Published: 3rd February 2022
September 1905. At the heart of the Ottoman Empire, in the ancient city of Smyrna, Scheherazade is born to an opium-dazed mother.
At the very same moment, an Indian spy sails into the golden-hued, sycamore-scented city with a secret mission from the British Empire. When he leaves, 17 years later, it will be to the smell of kerosene and smoke as the city, and its people, are engulfed in flames.
Publisher: Head Of Zeus
ISBN: 9781800246973
The Silence of Scheherazade
Defne Suman
My birth, on a sweet, orange-tinted evening, coincided with the arrival of Avinash Pillai in Smyrna.
According to the European calendar, it was the year 1905. The month was September.

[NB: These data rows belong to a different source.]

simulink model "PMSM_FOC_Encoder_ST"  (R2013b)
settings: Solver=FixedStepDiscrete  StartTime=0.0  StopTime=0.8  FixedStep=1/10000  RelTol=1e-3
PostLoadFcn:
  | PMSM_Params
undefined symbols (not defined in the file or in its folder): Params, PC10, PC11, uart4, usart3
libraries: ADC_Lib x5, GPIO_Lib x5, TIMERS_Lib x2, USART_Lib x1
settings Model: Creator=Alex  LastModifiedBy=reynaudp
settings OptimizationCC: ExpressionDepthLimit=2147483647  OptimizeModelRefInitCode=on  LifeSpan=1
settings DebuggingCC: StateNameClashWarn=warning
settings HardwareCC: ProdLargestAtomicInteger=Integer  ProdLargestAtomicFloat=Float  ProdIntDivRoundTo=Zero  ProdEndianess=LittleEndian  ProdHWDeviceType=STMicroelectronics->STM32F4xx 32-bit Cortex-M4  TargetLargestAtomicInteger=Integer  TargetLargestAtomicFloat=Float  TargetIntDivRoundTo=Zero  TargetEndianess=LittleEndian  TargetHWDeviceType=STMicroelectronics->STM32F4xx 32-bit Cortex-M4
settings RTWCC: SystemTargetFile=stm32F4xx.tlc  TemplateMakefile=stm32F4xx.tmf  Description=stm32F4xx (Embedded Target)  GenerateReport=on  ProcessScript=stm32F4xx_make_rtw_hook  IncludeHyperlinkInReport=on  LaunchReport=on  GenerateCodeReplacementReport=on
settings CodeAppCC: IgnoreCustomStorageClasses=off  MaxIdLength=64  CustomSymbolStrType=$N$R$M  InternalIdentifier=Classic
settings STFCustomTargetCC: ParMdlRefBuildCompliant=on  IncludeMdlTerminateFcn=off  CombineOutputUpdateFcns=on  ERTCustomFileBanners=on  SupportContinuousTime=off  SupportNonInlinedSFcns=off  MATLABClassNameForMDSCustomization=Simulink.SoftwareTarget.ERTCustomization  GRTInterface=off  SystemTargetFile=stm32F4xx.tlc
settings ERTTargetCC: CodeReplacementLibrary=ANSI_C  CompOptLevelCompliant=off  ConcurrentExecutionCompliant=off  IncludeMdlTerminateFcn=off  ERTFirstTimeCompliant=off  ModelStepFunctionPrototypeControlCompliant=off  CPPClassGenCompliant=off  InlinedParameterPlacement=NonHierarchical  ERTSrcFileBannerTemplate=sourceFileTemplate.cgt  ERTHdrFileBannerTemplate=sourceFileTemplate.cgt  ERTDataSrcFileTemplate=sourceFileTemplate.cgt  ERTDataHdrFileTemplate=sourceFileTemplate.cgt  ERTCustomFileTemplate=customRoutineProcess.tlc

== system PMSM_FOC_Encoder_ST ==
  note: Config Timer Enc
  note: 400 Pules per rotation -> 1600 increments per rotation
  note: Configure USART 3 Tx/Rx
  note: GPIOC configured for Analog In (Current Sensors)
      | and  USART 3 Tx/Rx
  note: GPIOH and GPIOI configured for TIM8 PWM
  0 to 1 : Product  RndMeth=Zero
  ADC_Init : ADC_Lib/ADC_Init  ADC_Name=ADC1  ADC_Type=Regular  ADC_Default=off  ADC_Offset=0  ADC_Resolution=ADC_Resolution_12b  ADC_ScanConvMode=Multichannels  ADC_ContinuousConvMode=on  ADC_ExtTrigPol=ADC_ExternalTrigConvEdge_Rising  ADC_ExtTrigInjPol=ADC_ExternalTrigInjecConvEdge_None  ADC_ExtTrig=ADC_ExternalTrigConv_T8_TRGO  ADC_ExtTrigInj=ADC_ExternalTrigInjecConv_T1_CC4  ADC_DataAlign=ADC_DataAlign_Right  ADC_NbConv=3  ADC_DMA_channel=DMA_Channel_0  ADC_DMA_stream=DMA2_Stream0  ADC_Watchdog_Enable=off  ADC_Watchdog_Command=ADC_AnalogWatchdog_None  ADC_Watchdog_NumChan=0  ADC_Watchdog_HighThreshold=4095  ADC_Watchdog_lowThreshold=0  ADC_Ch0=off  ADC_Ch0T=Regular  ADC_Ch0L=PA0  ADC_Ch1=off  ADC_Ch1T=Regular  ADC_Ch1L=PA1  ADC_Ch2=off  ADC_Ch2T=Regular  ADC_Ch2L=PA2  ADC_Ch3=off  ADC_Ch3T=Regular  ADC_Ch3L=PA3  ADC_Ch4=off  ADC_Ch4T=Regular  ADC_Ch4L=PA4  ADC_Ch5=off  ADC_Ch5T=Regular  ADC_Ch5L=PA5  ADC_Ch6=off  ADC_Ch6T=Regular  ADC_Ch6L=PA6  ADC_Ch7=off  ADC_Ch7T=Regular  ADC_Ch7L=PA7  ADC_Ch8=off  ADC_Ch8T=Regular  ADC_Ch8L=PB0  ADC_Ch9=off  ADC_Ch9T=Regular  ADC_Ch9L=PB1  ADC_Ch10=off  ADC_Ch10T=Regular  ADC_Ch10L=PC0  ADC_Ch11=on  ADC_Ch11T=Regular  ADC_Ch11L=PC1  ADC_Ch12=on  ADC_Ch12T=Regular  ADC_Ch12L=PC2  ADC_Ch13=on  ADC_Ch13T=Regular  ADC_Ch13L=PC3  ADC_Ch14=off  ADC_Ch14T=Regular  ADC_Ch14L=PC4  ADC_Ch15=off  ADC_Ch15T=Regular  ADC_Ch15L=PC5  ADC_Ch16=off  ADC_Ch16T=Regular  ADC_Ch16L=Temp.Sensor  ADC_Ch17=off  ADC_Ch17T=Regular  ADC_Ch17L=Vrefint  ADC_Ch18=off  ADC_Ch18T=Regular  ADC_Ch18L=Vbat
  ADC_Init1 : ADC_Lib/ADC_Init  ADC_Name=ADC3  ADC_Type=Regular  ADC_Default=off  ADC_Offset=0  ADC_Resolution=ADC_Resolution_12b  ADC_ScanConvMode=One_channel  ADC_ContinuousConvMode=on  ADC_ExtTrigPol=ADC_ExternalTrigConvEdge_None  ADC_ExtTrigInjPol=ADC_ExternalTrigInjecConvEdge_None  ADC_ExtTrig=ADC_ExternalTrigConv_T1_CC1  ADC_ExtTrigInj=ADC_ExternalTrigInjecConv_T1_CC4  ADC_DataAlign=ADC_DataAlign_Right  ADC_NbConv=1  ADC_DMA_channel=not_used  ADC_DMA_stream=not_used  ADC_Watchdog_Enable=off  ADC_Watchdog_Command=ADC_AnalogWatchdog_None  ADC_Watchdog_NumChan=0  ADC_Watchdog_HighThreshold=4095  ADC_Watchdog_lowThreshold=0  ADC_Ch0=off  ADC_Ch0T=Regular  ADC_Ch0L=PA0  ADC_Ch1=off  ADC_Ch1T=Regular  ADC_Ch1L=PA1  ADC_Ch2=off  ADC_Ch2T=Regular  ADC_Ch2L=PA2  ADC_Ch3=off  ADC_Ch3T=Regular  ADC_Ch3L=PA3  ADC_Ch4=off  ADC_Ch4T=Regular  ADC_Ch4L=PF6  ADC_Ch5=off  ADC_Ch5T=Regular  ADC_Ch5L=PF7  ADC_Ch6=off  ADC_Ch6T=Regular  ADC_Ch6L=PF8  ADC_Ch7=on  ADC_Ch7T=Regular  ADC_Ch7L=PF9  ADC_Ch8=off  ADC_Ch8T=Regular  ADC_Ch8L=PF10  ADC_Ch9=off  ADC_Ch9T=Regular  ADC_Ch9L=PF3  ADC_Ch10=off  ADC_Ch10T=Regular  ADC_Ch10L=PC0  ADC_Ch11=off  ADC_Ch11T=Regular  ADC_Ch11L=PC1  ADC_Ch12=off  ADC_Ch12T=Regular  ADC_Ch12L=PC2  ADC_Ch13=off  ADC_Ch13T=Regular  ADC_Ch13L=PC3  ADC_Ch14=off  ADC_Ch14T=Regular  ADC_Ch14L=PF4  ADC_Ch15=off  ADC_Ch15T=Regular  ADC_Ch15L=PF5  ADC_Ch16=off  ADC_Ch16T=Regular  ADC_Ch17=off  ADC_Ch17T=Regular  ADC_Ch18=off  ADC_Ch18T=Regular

When the passenger ship carrying the Indian spy approached the port, I had not yet been born, but through the opening in my mother’s womb a slender beam of light had begun to seep into the dark pool where I had lived for months. She couldn’t get up and walk. Not because of the weight of me, but because of the opium she was inhaling from the pipe wedged between her middle and ring fingers. She’d turned her face to the window and was watching the curtains flying drunkenly in the arms of the wind.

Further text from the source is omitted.